To display areas that extend across more than one UTM zone, use the Mercator projection in a transverse aspect. UTM is a zone-based coordinate system and is designed to be used like a map series, selecting from the appropriate sheet. While it is possible to extend one zone's coordinates into a neighboring zone's territory, this is not normally done. This example shows a transverse Mercator projection appropriate to Chile. In the example, note how the projection's line of zero distortion is aligned with the predominantly north-south axis of the country. Of course, you do not obtain coordinates in meters that would match those of a UTM projection, but the results will be nearly as accurate. To place the zero distortion line exactly on the midline of the country, use better estimates of the orientation vector's central meridian and orientation angle.

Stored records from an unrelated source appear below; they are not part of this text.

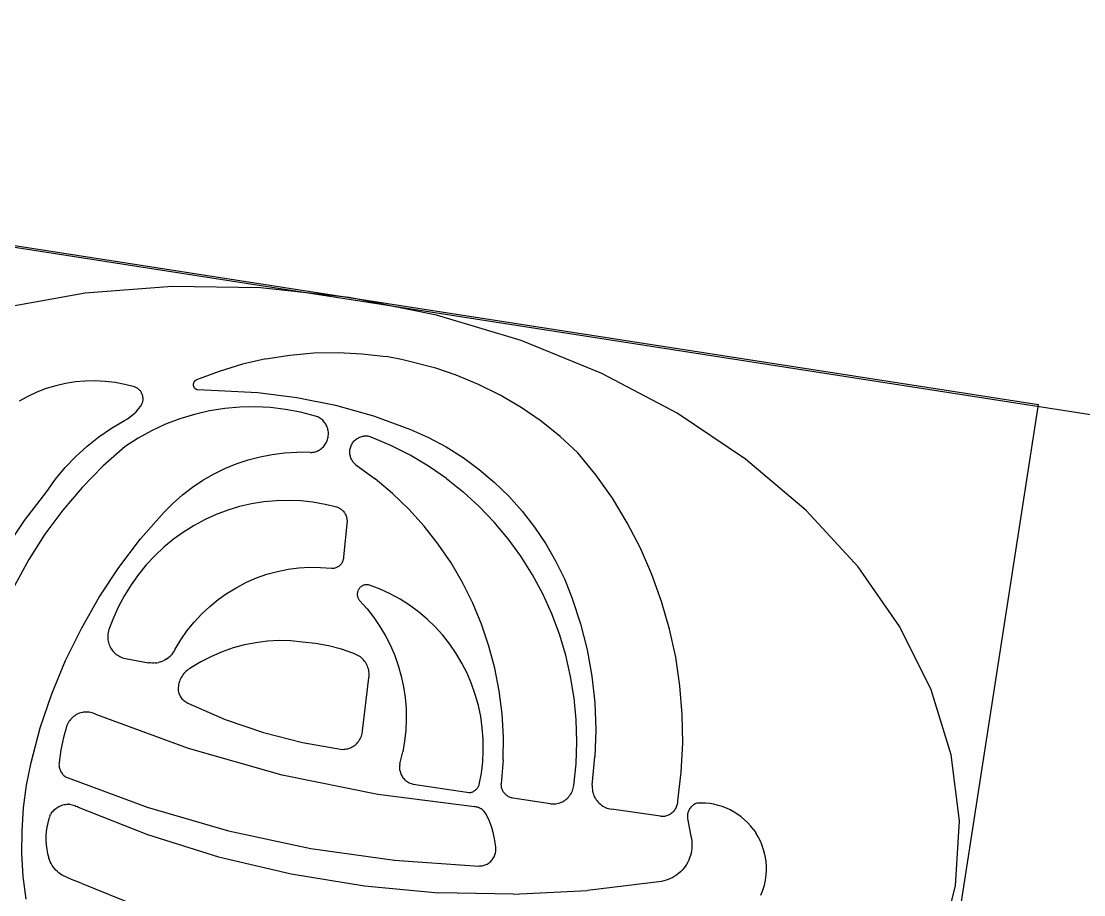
# Model space of a CAD drawing. Extents: x 396092 to 455492, y 17293 to 132793.
# Drawn here: x 405793.7 to 405946.1, y 61377.4 to 61502.6 of the extents above; entities that cross this region are included whole.
import ezdxf

# ---------------------------------------------------------------- set-up
doc = ezdxf.new("R2010")
doc.units = 0
doc.header["$LTSCALE"] = 1000
doc.header["$MEASUREMENT"] = 0
doc.layers.add('MU', color=34, linetype='Continuous')

# ---------------------------------------------------------------- blocks, each defined once
blk = doc.blocks.new('A$C0c70839c')
at = {"layer": 'MU', "color": 37}
for p, q in [((-503.98, 8.42), (-404.86, 8.42)), ((-417.63, 7.83), (-430.2, 6.09)), ((-404.86, 8.42), (-417.63, 7.83)), ((-404.86, 8.42), (-304.76, 8.42)), ((-392.08, 7.83), (-404.86, 8.42)), ((-379.51, 6.09), (-392.08, 7.83)), ((-304.76, -131.58), (-304.76, 8.42)), ((-430.2, 6.09), (-442.35, 3.21)), ((-367.36, 3.21), (-379.51, 6.09)), ((-442.35, 3.21), (-453.88, -0.75)), ((-355.83, -0.75), (-367.36, 3.21)), ((-408.62, -0.22), (-405.21, 0.38)), ((-405.21, 0.38), (-401.76, 0.74)), ((-401.76, 0.74), (-398.3, 0.86)), ((-396.08, 0.78), (-398.3, 0.86)), ((-391.04, 0.32), (-396.08, 0.78)), ((-387.97, -0.21), (-391.04, 0.32)), ((-415.3, -2.11), (-411.99, -1.05)), ((-411.99, -1.05), (-408.62, -0.22)), ((-384.6, -1.05), (-387.97, -0.21)), ((-381.29, -2.11), (-384.6, -1.05)), ((-345.11, -5.75), (-355.83, -0.75)), ((-415.3, -2.11), (-418.52, -3.4)), ((-378.07, -3.39), (-381.29, -2.11)), ((-418.52, -3.4), (-421.66, -4.91)), ((-374.93, -4.9), (-378.07, -3.39)), ((-421.66, -4.91), (-424.68, -6.63)), ((-371.9, -6.62), (-374.93, -4.9)), ((-335.38, -11.7), (-345.11, -5.75)), ((-425.04, -7.15), (-425.05, -7.19)), ((-425.05, -7.19), (-425.05, -7.24)), ((-425.05, -7.24), (-425.05, -7.29)), ((-425.05, -7.29), (-425.05, -7.33)), ((-425.05, -7.33), (-425.04, -7.38)), ((-425.02, -7.06), (-425.04, -7.1)), ((-425.04, -7.1), (-425.04, -7.15)), ((-425.04, -7.38), (-425.03, -7.43)), ((-425.03, -7.43), (-425.02, -7.47)), ((-425.01, -7.01), (-425.02, -7.06)), ((-425.02, -7.47), (-425, -7.52)), ((-424.99, -6.97), (-425.01, -7.01)), ((-425, -7.52), (-424.99, -7.56)), ((-424.97, -6.93), (-424.99, -6.97)), ((-424.99, -7.56), (-424.96, -7.6)), ((-424.95, -6.89), (-424.97, -6.93)), ((-424.96, -7.6), (-424.94, -7.64)), ((-424.92, -6.85), (-424.95, -6.89)), ((-424.9, -6.81), (-424.92, -6.85)), ((-424.87, -6.78), (-424.9, -6.81)), ((-424.83, -6.74), (-424.87, -6.78)), ((-424.8, -6.71), (-424.83, -6.74)), ((-424.76, -6.68), (-424.8, -6.71)), ((-424.72, -6.66), (-424.76, -6.68)), ((-424.68, -6.63), (-424.72, -6.66)), ((-421.36, -7.64), (-415.73, -7.06)), ((-415.73, -7.06), (-410.08, -6.9)), ((-410.08, -6.9), (-404.43, -7.15)), ((-404.43, -7.15), (-398.82, -7.83)), ((-369, -8.55), (-371.9, -6.62)), ((-439.02, -8.99), (-440.43, -9.23)), ((-437.6, -8.84), (-439.02, -8.99)), ((-436.17, -8.79), (-437.6, -8.84)), ((-434.75, -8.84), (-436.17, -8.79)), ((-433.33, -8.99), (-434.75, -8.84)), ((-433.21, -9.01), (-433.33, -8.99)), ((-433.1, -9.04), (-433.21, -9.01)), ((-432.99, -9.07), (-433.1, -9.04)), ((-432.88, -9.11), (-432.99, -9.07)), ((-432.78, -9.16), (-432.88, -9.11)), ((-424.94, -7.64), (-424.91, -7.68)), ((-424.91, -7.68), (-424.89, -7.71)), ((-424.89, -7.71), (-424.85, -7.75)), ((-424.85, -7.75), (-424.82, -7.78)), ((-424.82, -7.78), (-424.79, -7.81)), ((-424.79, -7.81), (-424.75, -7.84)), ((-424.75, -7.84), (-424.71, -7.86)), ((-424.71, -7.86), (-424.67, -7.89)), ((-424.67, -7.89), (-424.63, -7.9)), ((-424.63, -7.9), (-424.59, -7.92)), ((-424.59, -7.92), (-424.54, -7.93)), ((-424.54, -7.93), (-424.5, -7.95)), ((-424.5, -7.95), (-424.45, -7.95)), ((-424.45, -7.95), (-424.41, -7.96)), ((-424.41, -7.96), (-424.36, -7.96)), ((-424.36, -7.96), (-424.31, -7.96)), ((-424.31, -7.96), (-421.36, -7.64)), ((-413.59, -8.92), (-415.77, -9.15)), ((-411.4, -8.84), (-413.59, -8.92)), ((-409.21, -8.91), (-411.4, -8.84)), ((-407.02, -9.13), (-409.21, -8.91)), ((-406.85, -9.16), (-407.02, -9.13)), ((-398.82, -7.83), (-393.27, -8.92)), ((-393.27, -8.92), (-390.51, -9.67)), ((-365.97, -11.29), (-369, -8.55)), ((-444.5, -10.55), (-445.79, -11.17)), ((-443.18, -10.02), (-444.5, -10.55)), ((-441.81, -9.58), (-443.18, -10.02)), ((-440.43, -9.23), (-441.81, -9.58)), ((-432.68, -9.22), (-432.78, -9.16)), ((-432.58, -9.28), (-432.68, -9.22)), ((-432.49, -9.35), (-432.58, -9.28)), ((-432.4, -9.42), (-432.49, -9.35)), ((-432.32, -9.5), (-432.4, -9.42)), ((-432.24, -9.59), (-432.32, -9.5)), ((-432.17, -9.68), (-432.24, -9.59)), ((-432.11, -9.78), (-432.17, -9.68)), ((-432.05, -9.88), (-432.11, -9.78)), ((-431.99, -9.98), (-432.05, -9.88)), ((-431.95, -10.09), (-431.99, -9.98)), ((-431.91, -10.2), (-431.95, -10.09)), ((-431.88, -10.31), (-431.91, -10.2)), ((-431.85, -10.42), (-431.88, -10.31)), ((-431.83, -10.54), (-431.85, -10.42)), ((-431.82, -10.66), (-431.83, -10.54)), ((-431.82, -10.77), (-431.82, -10.66)), ((-420.06, -10.06), (-422.15, -10.73)), ((-417.93, -9.53), (-420.06, -10.06)), ((-415.77, -9.15), (-417.93, -9.53)), ((-406.69, -9.2), (-406.85, -9.16)), ((-406.52, -9.25), (-406.69, -9.2)), ((-406.36, -9.31), (-406.52, -9.25)), ((-406.2, -9.39), (-406.36, -9.31)), ((-406.05, -9.47), (-406.2, -9.39)), ((-405.91, -9.56), (-406.05, -9.47)), ((-405.77, -9.67), (-405.91, -9.56)), ((-405.64, -9.78), (-405.77, -9.67)), ((-405.51, -9.9), (-405.64, -9.78)), ((-405.39, -10.03), (-405.51, -9.9)), ((-405.29, -10.17), (-405.39, -10.03)), ((-405.19, -10.31), (-405.29, -10.17)), ((-405.1, -10.46), (-405.19, -10.31)), ((-405.02, -10.62), (-405.1, -10.46)), ((-404.95, -10.78), (-405.02, -10.62)), ((-390.51, -9.67), (-387.81, -10.62)), ((-387.81, -10.62), (-385.18, -11.75)), ((-447.04, -11.89), (-448.24, -12.68)), ((-445.79, -11.17), (-447.04, -11.89)), ((-432.55, -12.46), (-432.27, -12.02)), ((-432.27, -12.02), (-432.01, -11.56)), ((-432.01, -11.56), (-431.96, -11.45)), ((-431.96, -11.45), (-431.92, -11.35)), ((-431.92, -11.35), (-431.89, -11.23)), ((-431.89, -11.23), (-431.86, -11.12)), ((-431.86, -11.12), (-431.84, -11.01)), ((-431.84, -11.01), (-431.83, -10.89)), ((-431.83, -10.89), (-431.82, -10.77)), ((-424.19, -11.55), (-426.17, -12.5)), ((-422.15, -10.73), (-424.19, -11.55)), ((-404.89, -10.94), (-404.95, -10.78)), ((-404.84, -11.11), (-404.89, -10.94)), ((-404.81, -11.28), (-404.84, -11.11)), ((-404.82, -12.33), (-404.79, -12.16)), ((-404.78, -11.46), (-404.81, -11.28)), ((-404.79, -12.16), (-404.77, -11.98)), ((-404.77, -11.63), (-404.78, -11.46)), ((-404.76, -11.81), (-404.77, -11.63)), ((-404.77, -11.98), (-404.76, -11.81)), ((-401.22, -12.26), (-401.16, -12.12)), ((-401.16, -12.12), (-401.09, -11.98)), ((-401.09, -11.98), (-401.01, -11.85)), ((-401.01, -11.85), (-400.93, -11.73)), ((-400.93, -11.73), (-400.83, -11.61)), ((-400.83, -11.61), (-400.73, -11.5)), ((-400.73, -11.5), (-400.62, -11.4)), ((-400.62, -11.4), (-400.51, -11.3)), ((-400.51, -11.3), (-400.39, -11.21)), ((-400.39, -11.21), (-400.26, -11.13)), ((-400.26, -11.13), (-400.13, -11.06)), ((-400.13, -11.06), (-400, -11)), ((-400, -11), (-399.86, -10.95)), ((-399.86, -10.95), (-399.71, -10.9)), ((-399.57, -10.87), (-399.71, -10.9)), ((-399.42, -10.85), (-399.57, -10.87)), ((-399.27, -10.83), (-399.42, -10.85)), ((-399.12, -10.83), (-399.27, -10.83)), ((-398.98, -10.83), (-399.12, -10.83)), ((-398.83, -10.85), (-398.98, -10.83)), ((-398.68, -10.88), (-398.83, -10.85)), ((-395.69, -11.62), (-398.68, -10.88)), ((-392.75, -12.58), (-395.69, -11.62)), ((-385.18, -11.75), (-382.63, -13.07)), ((-363.12, -14.24), (-365.97, -11.29)), ((-326.8, -18.52), (-335.38, -11.7)), ((-448.24, -12.68), (-449.37, -13.56)), ((-434.01, -13.97), (-433.6, -13.64)), ((-433.6, -13.64), (-433.22, -13.27)), ((-433.22, -13.27), (-432.87, -12.88)), ((-432.87, -12.88), (-432.55, -12.46)), ((-428.09, -13.59), (-429.93, -14.81)), ((-426.17, -12.5), (-428.09, -13.59)), ((-405.69, -13.81), (-405.57, -13.69)), ((-405.57, -13.69), (-405.45, -13.57)), ((-405.45, -13.57), (-405.33, -13.43)), ((-405.33, -13.43), (-405.23, -13.29)), ((-405.23, -13.29), (-405.14, -13.14)), ((-405.14, -13.14), (-405.05, -12.99)), ((-405.05, -12.99), (-404.98, -12.83)), ((-404.98, -12.83), (-404.92, -12.67)), ((-404.92, -12.67), (-404.86, -12.5)), ((-404.86, -12.5), (-404.82, -12.33)), ((-401.39, -13.15), (-401.38, -12.99)), ((-401.38, -13.3), (-401.39, -13.15)), ((-401.38, -12.99), (-401.37, -12.84)), ((-401.36, -13.45), (-401.38, -13.3)), ((-401.37, -12.84), (-401.35, -12.69)), ((-401.34, -13.6), (-401.36, -13.45)), ((-401.35, -12.69), (-401.32, -12.55)), ((-401.3, -13.75), (-401.34, -13.6)), ((-401.32, -12.55), (-401.27, -12.4)), ((-401.27, -12.4), (-401.22, -12.26)), ((-389.88, -13.73), (-392.75, -12.58)), ((-382.63, -13.07), (-380.18, -14.57)), ((-435.69, -15.34), (-434.01, -13.97)), ((-429.93, -14.81), (-431.68, -16.15)), ((-412.31, -15.51), (-410.6, -15.03)), ((-410.6, -15.03), (-408.86, -14.66)), ((-406.93, -14.39), (-408.86, -14.66)), ((-406.93, -14.39), (-406.76, -14.36)), ((-406.76, -14.36), (-406.6, -14.31)), ((-406.6, -14.31), (-406.43, -14.25)), ((-406.43, -14.25), (-406.27, -14.19)), ((-406.27, -14.19), (-406.12, -14.11)), ((-406.12, -14.11), (-405.97, -14.02)), ((-405.97, -14.02), (-405.83, -13.92)), ((-405.83, -13.92), (-405.69, -13.81)), ((-401.26, -13.89), (-401.3, -13.75)), ((-401.2, -14.03), (-401.26, -13.89)), ((-401.14, -14.17), (-401.2, -14.03)), ((-401.07, -14.3), (-401.14, -14.17)), ((-400.99, -14.43), (-401.07, -14.3)), ((-400.9, -14.55), (-400.99, -14.43)), ((-400.8, -14.67), (-400.9, -14.55)), ((-400.7, -14.78), (-400.8, -14.67)), ((-400.59, -14.88), (-400.7, -14.78)), ((-400.47, -14.97), (-400.59, -14.88)), ((-400.35, -15.06), (-400.47, -14.97)), ((-400.22, -15.13), (-400.35, -15.06)), ((-400.22, -15.13), (-397.19, -16.69)), ((-387.1, -15.07), (-389.88, -13.73)), ((-387.1, -15.07), (-384.41, -16.61)), ((-380.18, -14.57), (-377.83, -16.23)), ((-360.48, -17.38), (-363.12, -14.24)), ((-437.27, -16.83), (-435.69, -15.34)), ((-431.68, -16.15), (-433.34, -17.62)), ((-415.62, -16.82), (-413.99, -16.11)), ((-413.99, -16.11), (-412.31, -15.51)), ((-394.41, -18.38), (-397.19, -16.69)), ((-381.82, -18.32), (-384.41, -16.61)), ((-377.83, -16.23), (-375.61, -18.06)), ((-438.74, -18.43), (-437.27, -16.83)), ((-433.34, -17.62), (-436.06, -20.91)), ((-418.73, -18.56), (-417.2, -17.63)), ((-417.2, -17.63), (-415.62, -16.82)), ((-375.61, -18.06), (-373.51, -20.04)), ((-358.05, -20.68), (-360.48, -17.38)), ((-440.1, -20.13), (-438.74, -18.43)), ((-421.59, -20.7), (-420.2, -19.58)), ((-420.2, -19.58), (-418.73, -18.56)), ((-391.74, -20.26), (-394.41, -18.38)), ((-379.36, -20.21), (-381.82, -18.32)), ((-319.53, -26.11), (-326.8, -18.52)), ((-441.35, -21.92), (-440.1, -20.13)), ((-436.06, -20.91), (-438.54, -24.38)), ((-422.91, -21.91), (-421.59, -20.7)), ((-389.21, -22.32), (-391.74, -20.26)), ((-377.02, -22.26), (-379.36, -20.21)), ((-373.51, -20.04), (-371.55, -22.17)), ((-355.84, -24.15), (-358.05, -20.68)), ((-442.47, -23.79), (-441.35, -21.92)), ((-424.15, -23.21), (-422.91, -21.91)), ((-412.46, -22.42), (-414.14, -22.96)), ((-410.74, -21.98), (-412.46, -22.42)), ((-409.01, -21.67), (-410.74, -21.98)), ((-407.25, -21.47), (-409.01, -21.67)), ((-405.49, -21.39), (-407.25, -21.47)), ((-403.73, -21.42), (-405.49, -21.39)), ((-401.97, -21.58), (-403.73, -21.42)), ((-401.84, -21.6), (-401.97, -21.58)), ((-401.7, -21.63), (-401.84, -21.6)), ((-401.57, -21.67), (-401.7, -21.63)), ((-401.45, -21.71), (-401.57, -21.67)), ((-401.32, -21.77), (-401.45, -21.71)), ((-401.2, -21.83), (-401.32, -21.77)), ((-401.09, -21.91), (-401.2, -21.83)), ((-400.98, -21.99), (-401.09, -21.91)), ((-400.87, -22.07), (-400.98, -21.99)), ((-400.77, -22.17), (-400.87, -22.07)), ((-400.68, -22.27), (-400.77, -22.17)), ((-400.59, -22.38), (-400.68, -22.27)), ((-400.51, -22.49), (-400.59, -22.38)), ((-400.44, -22.61), (-400.51, -22.49)), ((-400.37, -22.73), (-400.44, -22.61)), ((-400.32, -22.86), (-400.37, -22.73)), ((-400.27, -22.99), (-400.32, -22.86)), ((-386.81, -24.55), (-389.21, -22.32)), ((-374.83, -24.47), (-377.02, -22.26)), ((-371.55, -22.17), (-369.75, -24.42)), ((-443.46, -25.74), (-442.47, -23.79)), ((-438.54, -24.38), (-440.78, -28.03)), ((-425.3, -24.59), (-424.15, -23.21)), ((-417.37, -24.38), (-418.92, -25.26)), ((-415.78, -23.62), (-417.37, -24.38)), ((-414.14, -22.96), (-415.78, -23.62)), ((-400.23, -23.12), (-400.27, -22.99)), ((-400.2, -23.25), (-400.23, -23.12)), ((-399.9, -28.42), (-400.2, -23.25)), ((-353.87, -27.77), (-355.84, -24.15)), ((-445.98, -30.33), (-443.46, -25.74)), ((-426.36, -26.05), (-425.3, -24.59)), ((-418.92, -25.26), (-420.4, -26.23)), ((-384.58, -26.94), (-386.81, -24.55)), ((-372.78, -26.83), (-374.83, -24.47)), ((-369.75, -24.42), (-368.1, -26.8)), ((-429.1, -30.38), (-426.36, -26.05)), ((-421.82, -27.3), (-423.17, -28.46)), ((-420.4, -26.23), (-421.82, -27.3)), ((-382.51, -29.48), (-384.58, -26.94)), ((-370.9, -29.32), (-372.78, -26.83)), ((-368.1, -26.8), (-366.61, -29.3)), ((-313.7, -34.36), (-319.53, -26.11)), ((-440.78, -28.03), (-442.77, -31.82)), ((-423.17, -28.46), (-424.44, -29.71)), ((-399.93, -28.99), (-399.91, -28.88)), ((-399.91, -28.88), (-399.89, -28.76)), ((-399.89, -28.53), (-399.9, -28.42)), ((-399.89, -28.65), (-399.89, -28.53)), ((-399.89, -28.76), (-399.89, -28.65)), ((-352.13, -31.51), (-353.87, -27.77)), ((-448.2, -35.07), (-445.98, -30.33)), ((-431.55, -34.89), (-429.1, -30.38)), ((-424.44, -29.71), (-425.62, -31.04)), ((-404.51, -30.67), (-402.97, -30.45)), ((-402.97, -30.45), (-401.41, -30.34)), ((-401.41, -30.34), (-401.3, -30.32)), ((-401.3, -30.32), (-401.19, -30.3)), ((-401.19, -30.3), (-401.08, -30.27)), ((-401.08, -30.27), (-400.97, -30.23)), ((-400.97, -30.23), (-400.87, -30.19)), ((-400.87, -30.19), (-400.77, -30.14)), ((-400.77, -30.14), (-400.67, -30.08)), ((-400.67, -30.08), (-400.58, -30.02)), ((-400.58, -30.02), (-400.49, -29.95)), ((-400.49, -29.95), (-400.41, -29.87)), ((-400.41, -29.87), (-400.33, -29.79)), ((-400.33, -29.79), (-400.26, -29.7)), ((-400.26, -29.7), (-400.19, -29.61)), ((-400.19, -29.61), (-400.13, -29.52)), ((-400.13, -29.52), (-400.08, -29.42)), ((-400.08, -29.42), (-400.03, -29.31)), ((-400.03, -29.31), (-399.99, -29.21)), ((-399.99, -29.21), (-399.95, -29.1)), ((-399.95, -29.1), (-399.93, -28.99)), ((-380.61, -32.17), (-382.51, -29.48)), ((-369.18, -31.93), (-370.9, -29.32)), ((-366.61, -29.3), (-364.88, -32.72)), ((-442.77, -31.82), (-444.5, -35.74)), ((-425.62, -31.04), (-426.72, -32.45)), ((-410.44, -32.61), (-409.01, -31.97)), ((-409.01, -31.97), (-407.54, -31.43)), ((-407.54, -31.43), (-406.04, -31)), ((-406.04, -31), (-404.51, -30.67)), ((-396.41, -31.99), (-396.49, -32.03)), ((-396.33, -31.96), (-396.41, -31.99)), ((-396.25, -31.93), (-396.33, -31.96)), ((-396.16, -31.9), (-396.25, -31.93)), ((-396.07, -31.89), (-396.16, -31.9)), ((-395.98, -31.87), (-396.07, -31.89)), ((-395.89, -31.87), (-395.98, -31.87)), ((-395.8, -31.87), (-395.89, -31.87)), ((-395.71, -31.88), (-395.8, -31.87)), ((-395.63, -31.89), (-395.71, -31.88)), ((-394.06, -32.22), (-395.63, -31.89)), ((-367.64, -34.65), (-369.18, -31.93)), ((-350.65, -35.36), (-352.13, -31.51)), ((-426.72, -32.45), (-427.73, -33.93)), ((-413.15, -34.19), (-411.82, -33.36)), ((-411.82, -33.36), (-410.44, -32.61)), ((-397.18, -33.05), (-397.19, -33.14)), ((-397.19, -33.14), (-397.19, -33.23)), ((-397.19, -33.23), (-397.19, -33.32)), ((-397.19, -33.32), (-397.18, -33.41)), ((-397.17, -32.96), (-397.18, -33.05)), ((-397.18, -33.41), (-397.17, -33.5)), ((-397.14, -32.87), (-397.17, -32.96)), ((-397.17, -33.5), (-397.15, -33.59)), ((-397.12, -32.78), (-397.14, -32.87)), ((-397.09, -32.7), (-397.12, -32.78)), ((-397.05, -32.61), (-397.09, -32.7)), ((-397, -32.53), (-397.05, -32.61)), ((-396.96, -32.46), (-397, -32.53)), ((-396.9, -32.38), (-396.96, -32.46)), ((-396.84, -32.31), (-396.9, -32.38)), ((-396.78, -32.25), (-396.84, -32.31)), ((-396.71, -32.19), (-396.78, -32.25)), ((-396.64, -32.13), (-396.71, -32.19)), ((-396.57, -32.08), (-396.64, -32.13)), ((-396.49, -32.03), (-396.57, -32.08)), ((-392.51, -32.66), (-394.06, -32.22)), ((-391, -33.2), (-392.51, -32.66)), ((-389.53, -33.85), (-391, -33.2)), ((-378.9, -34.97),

Set up an axesm-based map with a transverse aspect and display a map of Chile. Calculate the map distortion.

figure;
latlim = [-60 -15];
centralMeridian = -70; 
width = 20;
axesm("mercator","Origin",[0 centralMeridian -90], ...
      "Flatlimit",[-width/2 width/2],"Flonlimit",sort(-latlim), ...
      "Aspect","transverse");
land = readgeotable("landareas.shp");
geoshow(land,"FaceColor","none")
framem
gridm
setm(gca,"plinefill",1000)
tightmap
mdistort scale

You might receive warnings about points from landareas.shp falling outside the valid projection region. You can ignore such warnings.